• ABOUT THIS EXERCISE:
Skip every image and restate the data word for word.

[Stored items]
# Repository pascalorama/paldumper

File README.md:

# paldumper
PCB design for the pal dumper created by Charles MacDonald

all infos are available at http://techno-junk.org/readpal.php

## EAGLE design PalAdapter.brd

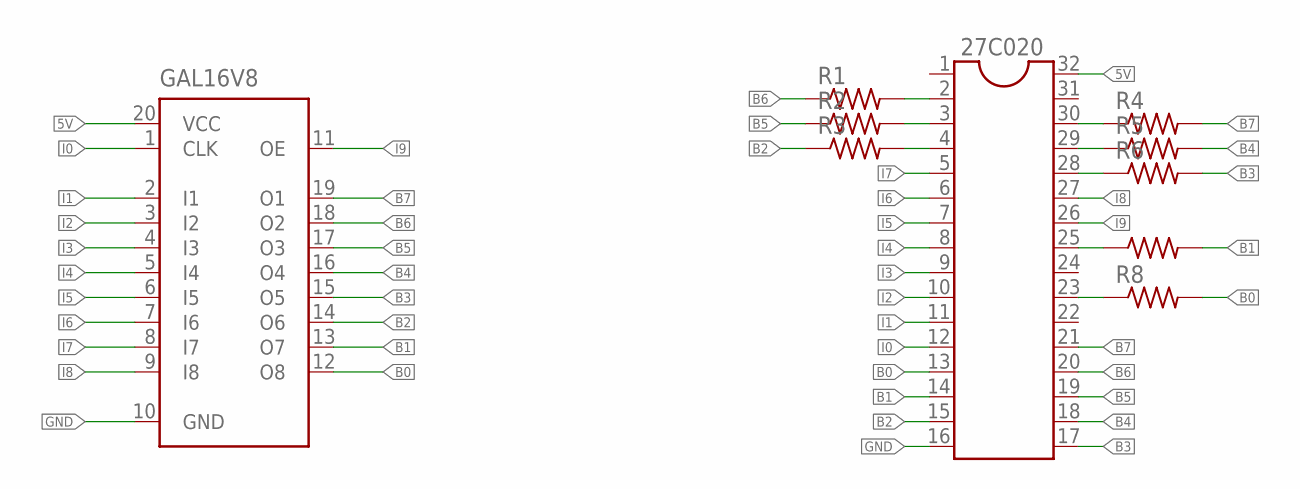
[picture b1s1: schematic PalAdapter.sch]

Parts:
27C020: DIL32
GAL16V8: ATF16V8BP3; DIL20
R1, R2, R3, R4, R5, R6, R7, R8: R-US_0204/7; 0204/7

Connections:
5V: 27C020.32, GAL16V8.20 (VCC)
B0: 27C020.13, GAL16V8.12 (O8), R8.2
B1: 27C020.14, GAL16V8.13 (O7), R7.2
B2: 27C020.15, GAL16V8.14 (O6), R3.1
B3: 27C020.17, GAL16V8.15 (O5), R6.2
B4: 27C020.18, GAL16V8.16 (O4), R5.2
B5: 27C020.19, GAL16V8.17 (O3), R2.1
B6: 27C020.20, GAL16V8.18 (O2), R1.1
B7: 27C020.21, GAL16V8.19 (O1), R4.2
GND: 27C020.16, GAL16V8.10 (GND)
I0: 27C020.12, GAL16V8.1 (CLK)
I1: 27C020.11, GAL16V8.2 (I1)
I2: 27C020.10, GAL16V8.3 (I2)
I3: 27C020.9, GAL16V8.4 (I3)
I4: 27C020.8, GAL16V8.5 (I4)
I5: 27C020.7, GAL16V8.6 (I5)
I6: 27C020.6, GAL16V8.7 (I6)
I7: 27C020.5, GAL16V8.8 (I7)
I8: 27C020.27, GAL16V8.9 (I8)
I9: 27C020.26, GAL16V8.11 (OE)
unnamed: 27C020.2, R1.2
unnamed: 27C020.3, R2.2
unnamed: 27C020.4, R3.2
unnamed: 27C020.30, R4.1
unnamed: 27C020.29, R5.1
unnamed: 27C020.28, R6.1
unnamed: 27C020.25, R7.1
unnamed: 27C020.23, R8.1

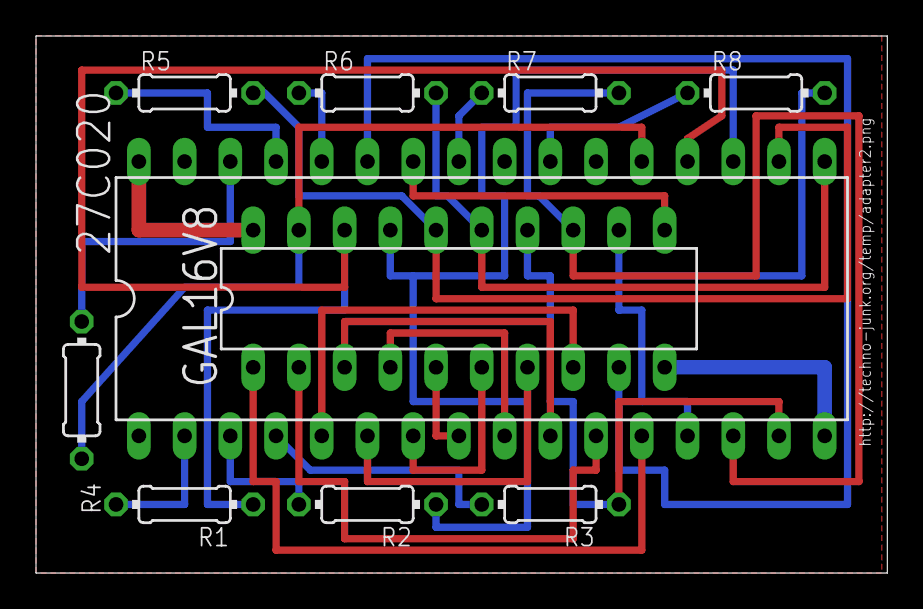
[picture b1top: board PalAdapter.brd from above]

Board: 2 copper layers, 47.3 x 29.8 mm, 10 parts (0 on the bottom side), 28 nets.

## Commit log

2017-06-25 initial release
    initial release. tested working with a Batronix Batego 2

• ANSWER SPACE:
# Repository pascalorama/paldumper

File README.md:

# paldumper
PCB design for the pal dumper created by Charles MacDonald

all infos are available at http://techno-junk.org/readpal.php

## EAGLE design PalAdapter.brd

[picture b1s1: schematic PalAdapter.sch]

Parts:
27C020: DIL32
GAL16V8: ATF16V8BP3; DIL20
R1, R2, R3, R4, R5, R6, R7, R8: R-US_0204/7; 0204/7

Connections:
5V: 27C020.32, GAL16V8.20 (VCC)
B0: 27C020.13, GAL16V8.12 (O8), R8.2
B1: 27C020.14, GAL16V8.13 (O7), R7.2
B2: 27C020.15, GAL16V8.14 (O6), R3.1
B3: 27C020.17, GAL16V8.15 (O5), R6.2
B4: 27C020.18, GAL16V8.16 (O4), R5.2
B5: 27C020.19, GAL16V8.17 (O3), R2.1
B6: 27C020.20, GAL16V8.18 (O2), R1.1
B7: 27C020.21, GAL16V8.19 (O1), R4.2
GND: 27C020.16, GAL16V8.10 (GND)
I0: 27C020.12, GAL16V8.1 (CLK)
I1: 27C020.11, GAL16V8.2 (I1)
I2: 27C020.10, GAL16V8.3 (I2)
I3: 27C020.9, GAL16V8.4 (I3)
I4: 27C020.8, GAL16V8.5 (I4)
I5: 27C020.7, GAL16V8.6 (I5)
I6: 27C020.6, GAL16V8.7 (I6)
I7: 27C020.5, GAL16V8.8 (I7)
I8: 27C020.27, GAL16V8.9 (I8)
I9: 27C020.26, GAL16V8.11 (OE)
unnamed: 27C020.2, R1.2
unnamed: 27C020.3, R2.2
unnamed: 27C020.4, R3.2
unnamed: 27C020.30, R4.1
unnamed: 27C020.29, R5.1
unnamed: 27C020.28, R6.1
unnamed: 27C020.25, R7.1
unnamed: 27C020.23, R8.1

[picture b1top: board PalAdapter.brd from above]

Board: 2 copper layers, 47.3 x 29.8 mm, 10 parts (0 on the bottom side), 28 nets.

## Commit log

2017-06-25 initial release
    initial release. tested working with a Batronix Batego 2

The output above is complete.